The market-implied 1-standard-deviation range for HL extends from approximately $14.14 on the downside to $21.22 on the upside. A HL covered call collects premium on an existing long HL position, trading off upside above the short call strike for immediate income; the short strike selection should reflect the trader's view on whether HL will breach that level within the expiration window. Current HL IV rank near 42.81% is mid-range against its 1-year distribution, so the IV signal is neutral; the covered call thesis on HL should anchor more to the directional view and the expected-move geometry. As a Basic Materials name, HL options can move on sector-level news flow (peer earnings, regulatory updates, industry-specific macro data) in addition to HL-specific events.

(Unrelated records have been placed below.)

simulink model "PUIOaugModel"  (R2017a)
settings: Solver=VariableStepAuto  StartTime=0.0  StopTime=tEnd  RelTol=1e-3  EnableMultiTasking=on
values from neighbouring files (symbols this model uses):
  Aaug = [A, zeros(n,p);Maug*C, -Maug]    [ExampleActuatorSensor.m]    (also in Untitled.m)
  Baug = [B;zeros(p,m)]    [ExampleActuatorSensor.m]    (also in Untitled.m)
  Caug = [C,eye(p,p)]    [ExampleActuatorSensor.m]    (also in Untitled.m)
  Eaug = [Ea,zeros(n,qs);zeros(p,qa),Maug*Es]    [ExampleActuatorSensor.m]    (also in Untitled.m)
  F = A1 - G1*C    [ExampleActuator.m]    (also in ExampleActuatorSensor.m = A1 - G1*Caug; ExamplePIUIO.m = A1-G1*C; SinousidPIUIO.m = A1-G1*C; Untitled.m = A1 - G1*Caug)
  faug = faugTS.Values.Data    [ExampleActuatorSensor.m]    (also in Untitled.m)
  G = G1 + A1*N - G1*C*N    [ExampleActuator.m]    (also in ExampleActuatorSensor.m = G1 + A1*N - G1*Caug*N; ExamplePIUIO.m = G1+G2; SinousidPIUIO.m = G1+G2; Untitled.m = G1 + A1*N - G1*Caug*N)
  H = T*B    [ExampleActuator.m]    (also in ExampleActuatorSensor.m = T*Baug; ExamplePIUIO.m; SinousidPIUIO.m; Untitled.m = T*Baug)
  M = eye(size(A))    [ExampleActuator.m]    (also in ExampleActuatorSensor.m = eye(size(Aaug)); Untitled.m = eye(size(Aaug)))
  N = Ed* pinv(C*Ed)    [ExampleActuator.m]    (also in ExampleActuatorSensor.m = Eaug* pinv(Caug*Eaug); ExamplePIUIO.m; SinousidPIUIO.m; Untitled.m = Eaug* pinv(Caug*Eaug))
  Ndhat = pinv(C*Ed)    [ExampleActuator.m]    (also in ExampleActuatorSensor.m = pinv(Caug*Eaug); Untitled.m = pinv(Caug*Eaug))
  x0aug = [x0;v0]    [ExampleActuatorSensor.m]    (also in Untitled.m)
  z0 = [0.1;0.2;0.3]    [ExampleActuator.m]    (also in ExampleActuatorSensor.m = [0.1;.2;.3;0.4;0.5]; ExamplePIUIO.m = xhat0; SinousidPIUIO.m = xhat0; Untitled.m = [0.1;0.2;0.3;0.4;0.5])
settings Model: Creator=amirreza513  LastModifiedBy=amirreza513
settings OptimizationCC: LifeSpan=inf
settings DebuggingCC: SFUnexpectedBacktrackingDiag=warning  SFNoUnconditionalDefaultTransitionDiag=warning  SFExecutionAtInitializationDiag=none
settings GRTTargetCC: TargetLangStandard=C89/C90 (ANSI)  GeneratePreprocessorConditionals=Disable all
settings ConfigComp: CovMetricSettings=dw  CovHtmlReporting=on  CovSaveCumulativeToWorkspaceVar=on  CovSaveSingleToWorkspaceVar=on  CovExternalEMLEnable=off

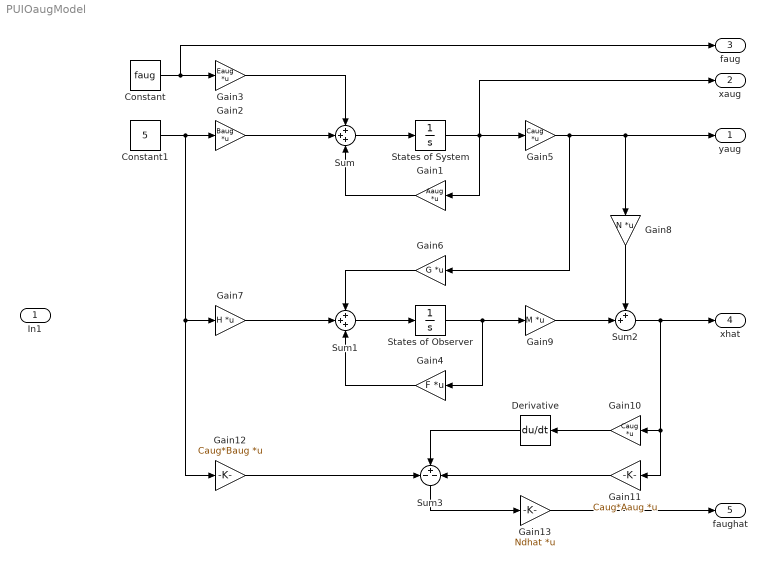
== system PUIOaugModel ==
  In1 : Inport
  Constant : Constant  Value=faug
  Constant1 : Constant  Value=5
  Derivative : Derivative  CoefficientInTFapproximation=0
  Gain1 : Gain  Gain=Aaug  Multiplication=Matrix(K*u) (u vector)
  Gain10 : Gain  Gain=Caug  Multiplication=Matrix(K*u) (u vector)
  Gain11 : Gain  Gain=Caug*Aaug  Multiplication=Matrix(K*u) (u vector)
  Gain12 : Gain  Gain=Caug*Baug  Multiplication=Matrix(K*u) (u vector)
  Gain13 : Gain  Gain=Ndhat  Multiplication=Matrix(K*u) (u vector)
  Gain2 : Gain  Gain=Baug  Multiplication=Matrix(K*u) (u vector)
  Gain3 : Gain  Gain=Eaug  Multiplication=Matrix(K*u) (u vector)
  Gain4 : Gain  Gain=F  Multiplication=Matrix(K*u) (u vector)
  Gain5 : Gain  Gain=Caug  Multiplication=Matrix(K*u) (u vector)
  Gain6 : Gain  Gain=G  Multiplication=Matrix(K*u) (u vector)
  Gain7 : Gain  Gain=H  Multiplication=Matrix(K*u) (u vector)
  Gain8 : Gain  Gain=N  Multiplication=Matrix(K*u) (u vector)
  Gain9 : Gain  Gain=M  Multiplication=Matrix(K*u) (u vector)
  States of Observer : Integrator  InitialCondition=z0
  States of System : Integrator  InitialCondition=x0aug
  Sum : Sum  Inputs=+++
  Sum1 : Sum  Inputs=+++
  Sum2 : Sum  Inputs=++|
  Sum3 : Sum  Inputs=-+-
  yaug : Outport
  xaug : Outport  Port=2
  faug : Outport  Port=3
  xhat : Outport  Port=4
  faughat : Outport  Port=5
  wires:
  States of System/1 -> xaug/1, Gain5/1, Gain1/1
  Constant1/1 -> Gain12/1, Gain7/1, Gain2/1
  Gain2/1 -> Sum/2
  Constant/1 -> faug/1, Gain3/1
  Sum/1 -> States of System/1
  Gain5/1 -> Gain6/1, Gain8/1, yaug/1
  Gain3/1 -> Sum/1
  Gain1/1 -> Sum/3
  Sum1/1 -> States of Observer/1
  States of Observer/1 -> Gain9/1, Gain4/1
  Gain6/1 -> Sum1/1
  Gain7/1 -> Sum1/2
  Gain4/1 -> Sum1/3
  Gain8/1 -> Sum2/1
  Gain9/1 -> Sum2/2
  Gain10/1 -> Derivative/1
  Sum2/1 -> Gain11/1, Gain10/1, xhat/1
  Gain12/1 -> Sum3/1
  Derivative/1 -> Sum3/2
  Gain11/1 -> Sum3/3
  Sum3/1 -> Gain13/1
  Gain13/1 -> faughat/1

HL covered call positions are structurally neutral to slightly bullish; the modeled P&L assumes European-style exercise at expiration and ignores early assignment, transaction costs, dividends paid before expiry on the stock leg (when present), and the bid-ask spread on the listed chain. HL positions also carry Basic Materials sector concentration risk; news flow inside the sector (peer earnings, regulatory shifts, supply-chain headlines) can move HL alongside the broader basket even when HL-specific fundamentals are unchanged. Short-premium structures like a covered call on HL carry tail risk when realized volatility exceeds the implied move; review historical HL earnings reactions and macro stress periods before sizing. Always rebuild the position from current HL chain quotes before placing a trade.

Frequently asked questions

What is a covered call on HL?
A covered call on HL is the covered call strategy applied to HL (stock). The strategy is structurally neutral to slightly bullish: A covered call pairs long stock with a short out-of-the-money call, collecting premium and capping upside above the short strike in exchange for income. With HL stock trading near $17.68, the strikes shown on this page are snapped to the nearest listed HL chain strike and the premiums come straight from the end-of-day bid/ask midpoint.
How are HL covered call max profit and max loss calculated?
Max profit equals short-strike minus cost basis plus premium times 100; max loss is cost basis minus premium (at zero). Breakeven is cost basis minus premium. For the HL covered call priced from the end-of-day chain at a 30-day expiry (ATM IV 69.82%), the computed maximum profit is $190.00 per contract and the computed maximum loss is -$1,659.00 per contract. Live intraday quotes will differ as the chain moves through the trading session.
What is the breakeven for a HL covered call?
The breakeven for the HL covered call priced on this page is roughly $16.60 at expiration, derived from end-of-day chain premiums. Breakeven is the underlying price at which the strategy's P&L crosses zero ignoring transaction costs and assignment risk. The current HL market-implied 1-standard-deviation expected move is approximately 20.02%; if the move sits well outside the breakeven distance, the structure's risk-reward becomes correspondingly tighter.
When should you consider a covered call on HL?
Covered calls on HL are an income strategy run on existing HL stock positions; traders typically sell calls at 25-35 delta with 30-45 days to expiration to balance premium against upside cap.
How does current HL implied volatility affect this covered call?
HL ATM IV is at 69.82% with IV rank near 42.81%, which is mid-range against its 1-year history. Strategy selection depends more on directional thesis and expected move than on a strong IV signal.